Step 3. Surface credit balances to customers
Provide real-time or near-real-time visibility into remaining credits via dashboards, account pages, or in-app indicators. Include alerts when balances run low—80% consumption is a common threshold for notifications.
Step 4. Connect credits to billing and entitlements
Integrate credit tracking with your billing platform to handle resets, top-ups, overages, and entitlement enforcement. Billing software with usage-based capabilities automates the connection between metering and invoicing, reducing manual reconciliation work.
AI Credits in Enterprise Contracts
Enterprise deals add complexity to credit-based pricing through commitments, pooling, and custom terms.
Annual spend commitments and true-ups
Enterprise customers often commit to a minimum annual credit purchase in exchange for volume discounts. If actual consumption falls short of the commitment, a true-up invoice covers the difference at period end. If consumption exceeds the commitment, overage billing applies at contracted rates.
Pooled credits across business units
Large organizations may pool credits across departments, subsidiaries, or geographic regions. This requires visibility into allocation and consumption by entity, which becomes important for internal chargebacks and cost allocation.
Overages and capacity contracts
Overages occur when usage exceeds committed credits. Capacity contracts let customers reserve a credit volume at a negotiated rate, providing cost predictability for high-volume users. Billing systems that handle capacity contracts automatically calculate true-ups and overage charges without manual intervention.
Tracking AI Credits with Ordway
For companies implementing AI credit pricing, Ordway’s usage-based billing capabilities handle the full lifecycle—from credit metering and drawdowns to rollovers, prepaid balances, and revenue recognition under ASC 606. The platform tracks ARR and MRR for credit-based revenue alongside traditional subscription metrics, giving finance teams a unified view of recurring revenue performance.
Frequently Asked Questions
How are AI credits different from API tokens?
AI credits are a billing and pricing unit representing the cost of AI actions, while API tokens are technical units measuring input and output size for language models. One API call might consume thousands of tokens but cost a single credit. Credits abstract away technical complexity for customers while tokens remain relevant for developers monitoring model usage.
Can AI credits be refunded or transferred between customers?
Most AI credit systems do not allow refunds or transfers because credits represent prepaid compute capacity. Policies vary by provider, so reviewing terms of service before purchase is worthwhile. Some enterprise contracts may negotiate custom refund or transfer provisions.
How do AI credits affect gross margin for SaaS companies?
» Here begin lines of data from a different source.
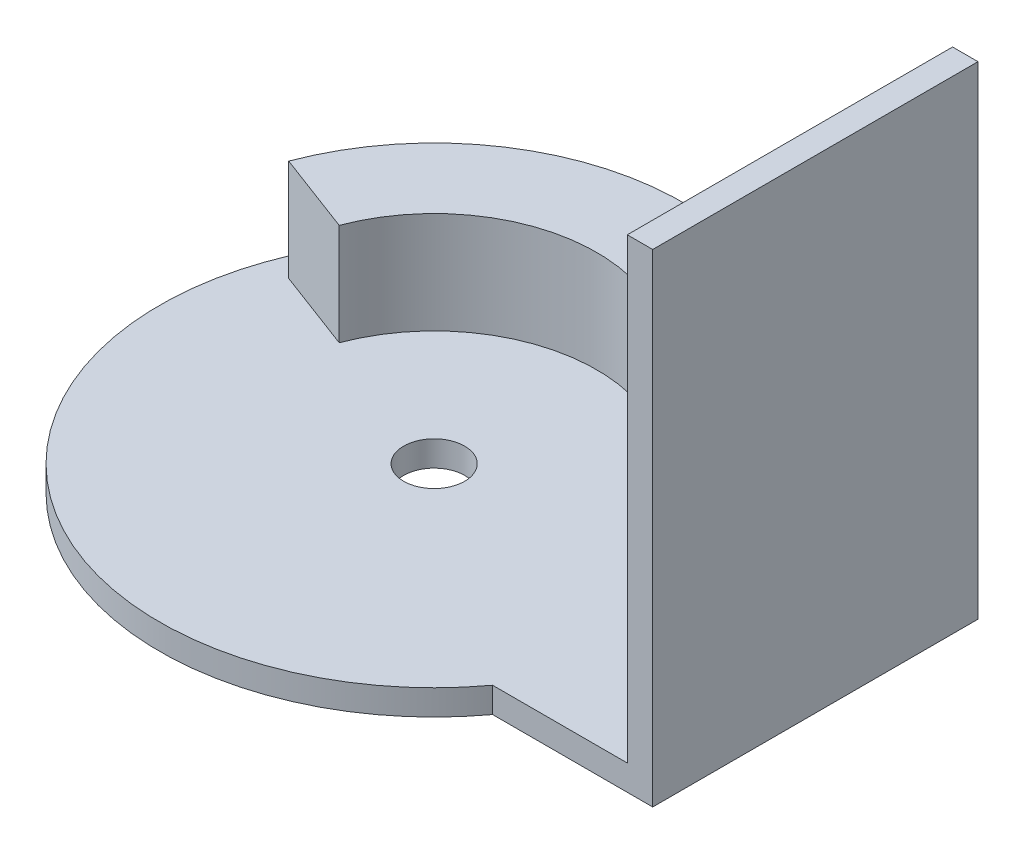
SolidWorks part; units mm, degrees
ref_plane "Front Plane" through (0, 0, 0) normal (0, 0, 1) x (1, 0, 0)
ref_plane "Top Plane" through (0, 0, 0) normal (0, 1, 0) x (1, 0, 0)
ref_plane "Right Plane" through (0, 0, 0) normal (1, 0, 0) x (0, 0, -1)
sketch "Sketch1" plane through (0, 0, 0) normal (0, 1, 0) x (1, 0, 0)
  line L0 (-6.875, 0) -> (6.875, 0) construction
  line L1 (-22.9311, 8.6264) -> (-17.0509, 24.2574) construction
  line L2 (-22.9311, 8.6264) -> (-14.9754, 5.6336)
  line L3 (0, -6.875) -> (0, 6.875) construction
  line L4 (22.9311, 8.6264) -> (14.9754, 5.6336)
  line L5 (-23.9844, 5) -> (23.9844, 5) construction
  circle A0 centre (0, 0) radius 16 construction
  circle A1 centre (0, 0) radius 24.5 construction
  arc A2 (-22.9311, 8.6264) -> (22.9311, 8.6264) centre (0, 0) cw
  arc A3 (-14.9754, 5.6336) -> (14.9754, 5.6336) centre (0, 0) cw
  point P20 (-18.9532, 7.13)
  dimension "D1" = 32
  dimension "D2" = 49
  dimension "D3" = 2.13
  dimension "D4" = 5
extrude "Boss-Extrude1" add sketch "Sketch1" along normal blind 10 contours A2 L4 A3 L2
sketch "Sketch2" plane through (0, 0, 0) normal (0, -1, 0) x (1, 0, 0)
  line L1 (37.5, -16) -> (37.5, 16)
  line L3 (21.7486, -16) -> (37.5, -16)
  line L5 (21.7486, 16) -> (37.5, 16)
  line L6 (0, -23.375) -> (0, 23.375) construction
  circle A1 centre (0, 0) radius 27 construction
  circle A2 centre (0, 0) radius 3
  arc A3 (0, -27) -> (0, 27) centre (0, 0) cw
  circle A4 centre (0, 0) radius 16 construction
  arc A5 (21.7486, -16) -> (0, -27) centre (0, 0) cw
  arc A6 (0, 27) -> (21.7486, 16) centre (0, 0) cw
  dimension "D1" = 54
  dimension "D2" = 6
  dimension "D3" = 37.5
extrude "Boss-Extrude2" add sketch "Sketch2" along normal blind 2.5
sketch "Sketch4" plane through (0, 0, 0) normal (0, 1, 0) x (1, 0, 0)
  line L0 (37.5, -16) -> (21.7486, -16) construction
  line L1 (37.5, -16) -> (35, -16)
  line L2 (37.5, -16) -> (37.5, 16)
  line L3 (37.5, 16) -> (35, 16)
  line L4 (35, -16) -> (35, 16)
  line L5 (21.7486, 16) -> (37.5, 16) construction
  dimension "D1" = 2.5
  dimension "D2" = 35
extrude "Boss-Extrude3" add sketch "Sketch4" along normal blind 45

Credits are typically priced above the underlying compute cost to preserve margin. If credit pricing is too low relative to inference costs, gross margin erodes as AI usage grows. Companies typically target healthy gross margins on credit-based revenue, though the exact percentage varies by the cost structure of underlying AI models.
Are AI credits subject to sales tax?
Tax treatment depends on jurisdiction and whether credits are classified as prepaid services or digital goods. Some jurisdictions tax at the time of purchase, others at consumption. Consulting a tax advisor or using tax automation software helps ensure compliance across different markets.
How do AI credits compare to pure usage-based billing?
Credits bundle usage into a purchasable or allocated unit, while pure usage-based billing charges per action without a credit abstraction. Credits simplify customer understanding—”you have 100 credits remaining”—but add accounting complexity for prepaid balances and breakage. Pure usage billing is simpler to account for but can create unpredictable customer bills.